* **TASK STATEMENT**
In the entries that follow, find the line containing "#10=(LENGTH_UNIT() NAMED_UNIT(*) SI_UNIT(.MILLI.,.METRE.));", then output exactly every line from the first through that one.

* **AVAILABLE DATA**
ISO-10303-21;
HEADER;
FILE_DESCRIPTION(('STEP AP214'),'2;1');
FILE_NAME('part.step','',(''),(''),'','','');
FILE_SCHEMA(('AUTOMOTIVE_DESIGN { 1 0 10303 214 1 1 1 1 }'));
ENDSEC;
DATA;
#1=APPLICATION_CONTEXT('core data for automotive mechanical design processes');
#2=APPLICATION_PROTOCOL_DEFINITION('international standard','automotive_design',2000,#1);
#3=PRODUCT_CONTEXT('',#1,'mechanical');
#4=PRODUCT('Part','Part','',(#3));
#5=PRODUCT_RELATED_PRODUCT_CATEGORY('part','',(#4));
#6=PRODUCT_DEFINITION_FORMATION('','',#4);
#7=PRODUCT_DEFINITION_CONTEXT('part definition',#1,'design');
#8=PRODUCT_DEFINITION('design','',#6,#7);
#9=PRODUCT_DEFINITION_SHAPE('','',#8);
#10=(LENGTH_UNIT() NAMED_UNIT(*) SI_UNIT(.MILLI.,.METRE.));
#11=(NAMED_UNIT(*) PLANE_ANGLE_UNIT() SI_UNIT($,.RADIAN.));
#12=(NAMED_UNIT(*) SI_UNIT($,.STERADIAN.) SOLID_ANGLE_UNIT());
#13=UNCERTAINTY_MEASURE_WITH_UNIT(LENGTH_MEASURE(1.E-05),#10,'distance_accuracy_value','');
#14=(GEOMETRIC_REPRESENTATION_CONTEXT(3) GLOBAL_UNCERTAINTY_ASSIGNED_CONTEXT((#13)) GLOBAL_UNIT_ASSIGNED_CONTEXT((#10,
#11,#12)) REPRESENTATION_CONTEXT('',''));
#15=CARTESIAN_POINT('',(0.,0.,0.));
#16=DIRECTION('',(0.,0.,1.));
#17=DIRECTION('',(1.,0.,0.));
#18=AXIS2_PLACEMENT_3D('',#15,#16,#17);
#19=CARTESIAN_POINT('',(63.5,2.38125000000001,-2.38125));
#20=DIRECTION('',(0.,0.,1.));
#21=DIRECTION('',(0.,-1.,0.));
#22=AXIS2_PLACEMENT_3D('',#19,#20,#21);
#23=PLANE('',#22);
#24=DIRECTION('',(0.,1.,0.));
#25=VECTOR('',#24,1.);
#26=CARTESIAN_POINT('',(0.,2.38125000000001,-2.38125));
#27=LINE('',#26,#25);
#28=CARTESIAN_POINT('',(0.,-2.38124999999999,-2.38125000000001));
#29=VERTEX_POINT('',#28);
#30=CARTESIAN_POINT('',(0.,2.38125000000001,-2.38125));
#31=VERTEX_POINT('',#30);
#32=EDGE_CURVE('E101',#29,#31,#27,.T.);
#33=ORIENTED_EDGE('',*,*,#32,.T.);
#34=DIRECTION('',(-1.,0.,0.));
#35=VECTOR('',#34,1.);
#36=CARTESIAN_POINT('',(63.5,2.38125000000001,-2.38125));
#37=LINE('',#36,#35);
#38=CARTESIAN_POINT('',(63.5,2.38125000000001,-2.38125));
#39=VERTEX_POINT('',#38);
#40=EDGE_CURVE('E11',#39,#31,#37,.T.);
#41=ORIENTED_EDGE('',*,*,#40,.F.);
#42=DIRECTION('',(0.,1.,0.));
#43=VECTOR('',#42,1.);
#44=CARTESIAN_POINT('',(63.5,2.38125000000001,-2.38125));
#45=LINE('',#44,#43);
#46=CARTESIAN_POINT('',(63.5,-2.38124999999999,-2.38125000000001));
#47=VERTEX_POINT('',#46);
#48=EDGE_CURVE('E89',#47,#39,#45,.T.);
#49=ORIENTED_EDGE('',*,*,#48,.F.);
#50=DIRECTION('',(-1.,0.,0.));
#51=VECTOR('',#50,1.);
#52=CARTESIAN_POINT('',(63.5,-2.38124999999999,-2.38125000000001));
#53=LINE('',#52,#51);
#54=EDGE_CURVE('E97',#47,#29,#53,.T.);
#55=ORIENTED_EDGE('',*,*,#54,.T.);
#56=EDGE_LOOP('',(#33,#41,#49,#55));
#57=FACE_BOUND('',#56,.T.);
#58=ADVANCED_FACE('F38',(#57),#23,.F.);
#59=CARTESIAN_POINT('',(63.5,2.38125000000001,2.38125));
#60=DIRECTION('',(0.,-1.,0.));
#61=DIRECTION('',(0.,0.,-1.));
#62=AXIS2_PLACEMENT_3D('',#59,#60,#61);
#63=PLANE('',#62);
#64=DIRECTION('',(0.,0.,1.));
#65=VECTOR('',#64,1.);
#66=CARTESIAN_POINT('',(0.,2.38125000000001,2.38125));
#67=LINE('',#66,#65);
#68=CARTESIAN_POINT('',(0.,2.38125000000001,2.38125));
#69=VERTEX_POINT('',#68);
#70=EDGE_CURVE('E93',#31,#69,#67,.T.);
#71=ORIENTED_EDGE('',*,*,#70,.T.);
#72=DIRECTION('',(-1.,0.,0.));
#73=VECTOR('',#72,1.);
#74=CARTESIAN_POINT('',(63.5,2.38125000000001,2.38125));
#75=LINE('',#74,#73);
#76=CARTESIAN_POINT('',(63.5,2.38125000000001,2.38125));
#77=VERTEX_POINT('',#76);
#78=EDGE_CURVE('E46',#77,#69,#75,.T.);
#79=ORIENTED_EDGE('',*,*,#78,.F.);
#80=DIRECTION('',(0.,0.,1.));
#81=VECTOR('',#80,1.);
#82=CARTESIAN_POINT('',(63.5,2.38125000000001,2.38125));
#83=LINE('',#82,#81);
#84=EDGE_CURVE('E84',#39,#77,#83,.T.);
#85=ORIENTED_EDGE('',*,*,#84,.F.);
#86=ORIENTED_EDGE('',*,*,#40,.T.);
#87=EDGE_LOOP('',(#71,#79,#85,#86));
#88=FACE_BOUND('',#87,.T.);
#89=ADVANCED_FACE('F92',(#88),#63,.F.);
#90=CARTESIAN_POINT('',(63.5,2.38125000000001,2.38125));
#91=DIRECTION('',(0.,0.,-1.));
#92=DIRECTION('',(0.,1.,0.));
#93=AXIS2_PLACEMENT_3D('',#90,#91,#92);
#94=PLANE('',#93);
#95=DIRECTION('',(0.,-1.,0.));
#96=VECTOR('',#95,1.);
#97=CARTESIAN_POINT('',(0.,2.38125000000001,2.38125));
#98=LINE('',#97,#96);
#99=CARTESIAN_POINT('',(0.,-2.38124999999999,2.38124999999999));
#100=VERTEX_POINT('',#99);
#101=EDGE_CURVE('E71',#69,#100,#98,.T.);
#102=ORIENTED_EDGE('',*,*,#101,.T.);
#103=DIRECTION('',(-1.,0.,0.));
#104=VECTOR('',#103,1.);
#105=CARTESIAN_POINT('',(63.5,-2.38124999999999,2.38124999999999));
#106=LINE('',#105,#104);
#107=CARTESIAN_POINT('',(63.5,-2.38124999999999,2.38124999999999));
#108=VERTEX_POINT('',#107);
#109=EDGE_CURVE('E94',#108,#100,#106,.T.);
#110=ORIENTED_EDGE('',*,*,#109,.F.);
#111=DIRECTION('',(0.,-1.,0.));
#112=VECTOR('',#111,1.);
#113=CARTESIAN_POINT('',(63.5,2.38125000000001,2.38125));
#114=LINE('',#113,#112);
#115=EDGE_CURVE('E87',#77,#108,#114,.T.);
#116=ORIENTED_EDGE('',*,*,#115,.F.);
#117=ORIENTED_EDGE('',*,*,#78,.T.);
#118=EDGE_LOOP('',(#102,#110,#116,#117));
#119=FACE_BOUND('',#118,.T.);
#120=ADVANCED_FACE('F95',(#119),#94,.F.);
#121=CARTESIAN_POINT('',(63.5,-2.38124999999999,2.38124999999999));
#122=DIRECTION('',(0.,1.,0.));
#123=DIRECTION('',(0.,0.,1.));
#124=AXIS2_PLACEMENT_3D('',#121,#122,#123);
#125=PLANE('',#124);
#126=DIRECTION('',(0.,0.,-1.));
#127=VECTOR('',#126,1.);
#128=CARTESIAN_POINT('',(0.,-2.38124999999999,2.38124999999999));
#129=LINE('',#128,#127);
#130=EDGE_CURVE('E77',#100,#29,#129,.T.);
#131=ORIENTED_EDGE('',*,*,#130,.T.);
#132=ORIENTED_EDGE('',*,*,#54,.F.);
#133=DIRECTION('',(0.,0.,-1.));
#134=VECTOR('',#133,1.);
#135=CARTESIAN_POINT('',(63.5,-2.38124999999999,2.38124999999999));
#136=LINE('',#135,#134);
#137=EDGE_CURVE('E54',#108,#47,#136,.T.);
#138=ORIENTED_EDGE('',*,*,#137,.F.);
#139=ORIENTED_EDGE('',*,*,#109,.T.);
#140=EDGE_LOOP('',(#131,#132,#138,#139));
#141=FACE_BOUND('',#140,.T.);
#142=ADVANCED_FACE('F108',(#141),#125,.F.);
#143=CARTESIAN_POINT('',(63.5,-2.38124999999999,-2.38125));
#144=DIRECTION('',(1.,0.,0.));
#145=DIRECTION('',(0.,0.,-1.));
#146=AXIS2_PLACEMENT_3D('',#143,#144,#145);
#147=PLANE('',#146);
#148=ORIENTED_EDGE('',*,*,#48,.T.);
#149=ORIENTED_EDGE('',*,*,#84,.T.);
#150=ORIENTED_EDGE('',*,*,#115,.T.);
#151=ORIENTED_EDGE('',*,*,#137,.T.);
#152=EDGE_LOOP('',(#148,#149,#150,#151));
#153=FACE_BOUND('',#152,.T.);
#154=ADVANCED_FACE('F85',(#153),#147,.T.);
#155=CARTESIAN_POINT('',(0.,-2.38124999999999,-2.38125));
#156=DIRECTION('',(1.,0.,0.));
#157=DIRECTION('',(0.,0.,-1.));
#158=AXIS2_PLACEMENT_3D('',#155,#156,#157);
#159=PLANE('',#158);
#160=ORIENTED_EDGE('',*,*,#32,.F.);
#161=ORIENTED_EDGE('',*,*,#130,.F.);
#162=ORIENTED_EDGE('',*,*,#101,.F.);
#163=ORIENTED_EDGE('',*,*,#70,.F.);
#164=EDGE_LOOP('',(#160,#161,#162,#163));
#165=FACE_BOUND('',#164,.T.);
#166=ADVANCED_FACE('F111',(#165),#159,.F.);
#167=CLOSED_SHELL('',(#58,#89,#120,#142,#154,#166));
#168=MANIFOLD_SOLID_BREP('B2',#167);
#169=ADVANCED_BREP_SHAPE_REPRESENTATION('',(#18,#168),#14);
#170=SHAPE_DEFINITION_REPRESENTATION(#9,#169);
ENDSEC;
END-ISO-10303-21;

* **REPLY**
ISO-10303-21;
HEADER;
FILE_DESCRIPTION(('STEP AP214'),'2;1');
FILE_NAME('part.step','',(''),(''),'','','');
FILE_SCHEMA(('AUTOMOTIVE_DESIGN { 1 0 10303 214 1 1 1 1 }'));
ENDSEC;
DATA;
#1=APPLICATION_CONTEXT('core data for automotive mechanical design processes');
#2=APPLICATION_PROTOCOL_DEFINITION('international standard','automotive_design',2000,#1);
#3=PRODUCT_CONTEXT('',#1,'mechanical');
#4=PRODUCT('Part','Part','',(#3));
#5=PRODUCT_RELATED_PRODUCT_CATEGORY('part','',(#4));
#6=PRODUCT_DEFINITION_FORMATION('','',#4);
#7=PRODUCT_DEFINITION_CONTEXT('part definition',#1,'design');
#8=PRODUCT_DEFINITION('design','',#6,#7);
#9=PRODUCT_DEFINITION_SHAPE('','',#8);
#10=(LENGTH_UNIT() NAMED_UNIT(*) SI_UNIT(.MILLI.,.METRE.));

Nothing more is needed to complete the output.